= Beginning of Section =
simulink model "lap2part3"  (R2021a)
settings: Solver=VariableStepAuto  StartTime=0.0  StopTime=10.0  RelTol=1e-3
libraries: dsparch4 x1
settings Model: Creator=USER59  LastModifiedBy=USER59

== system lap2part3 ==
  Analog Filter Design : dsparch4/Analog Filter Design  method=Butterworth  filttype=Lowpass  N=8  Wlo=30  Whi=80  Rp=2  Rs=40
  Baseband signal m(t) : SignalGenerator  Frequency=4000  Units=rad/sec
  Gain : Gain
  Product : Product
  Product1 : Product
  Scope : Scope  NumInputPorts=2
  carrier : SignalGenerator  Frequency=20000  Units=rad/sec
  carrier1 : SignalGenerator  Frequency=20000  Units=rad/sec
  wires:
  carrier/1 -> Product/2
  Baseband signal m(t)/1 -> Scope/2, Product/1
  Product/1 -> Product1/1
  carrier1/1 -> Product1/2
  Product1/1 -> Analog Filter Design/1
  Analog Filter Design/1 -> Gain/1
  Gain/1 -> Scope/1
= End of Section =
What is needed ::
The data above should be reproduced in full, word for word.

Task response ::
simulink model "lap2part3"  (R2021a)
settings: Solver=VariableStepAuto  StartTime=0.0  StopTime=10.0  RelTol=1e-3
libraries: dsparch4 x1
settings Model: Creator=USER59  LastModifiedBy=USER59

== system lap2part3 ==
  Analog Filter Design : dsparch4/Analog Filter Design  method=Butterworth  filttype=Lowpass  N=8  Wlo=30  Whi=80  Rp=2  Rs=40
  Baseband signal m(t) : SignalGenerator  Frequency=4000  Units=rad/sec
  Gain : Gain
  Product : Product
  Product1 : Product
  Scope : Scope  NumInputPorts=2
  carrier : SignalGenerator  Frequency=20000  Units=rad/sec
  carrier1 : SignalGenerator  Frequency=20000  Units=rad/sec
  wires:
  carrier/1 -> Product/2
  Baseband signal m(t)/1 -> Scope/2, Product/1
  Product/1 -> Product1/1
  carrier1/1 -> Product1/2
  Product1/1 -> Analog Filter Design/1
  Analog Filter Design/1 -> Gain/1
  Gain/1 -> Scope/1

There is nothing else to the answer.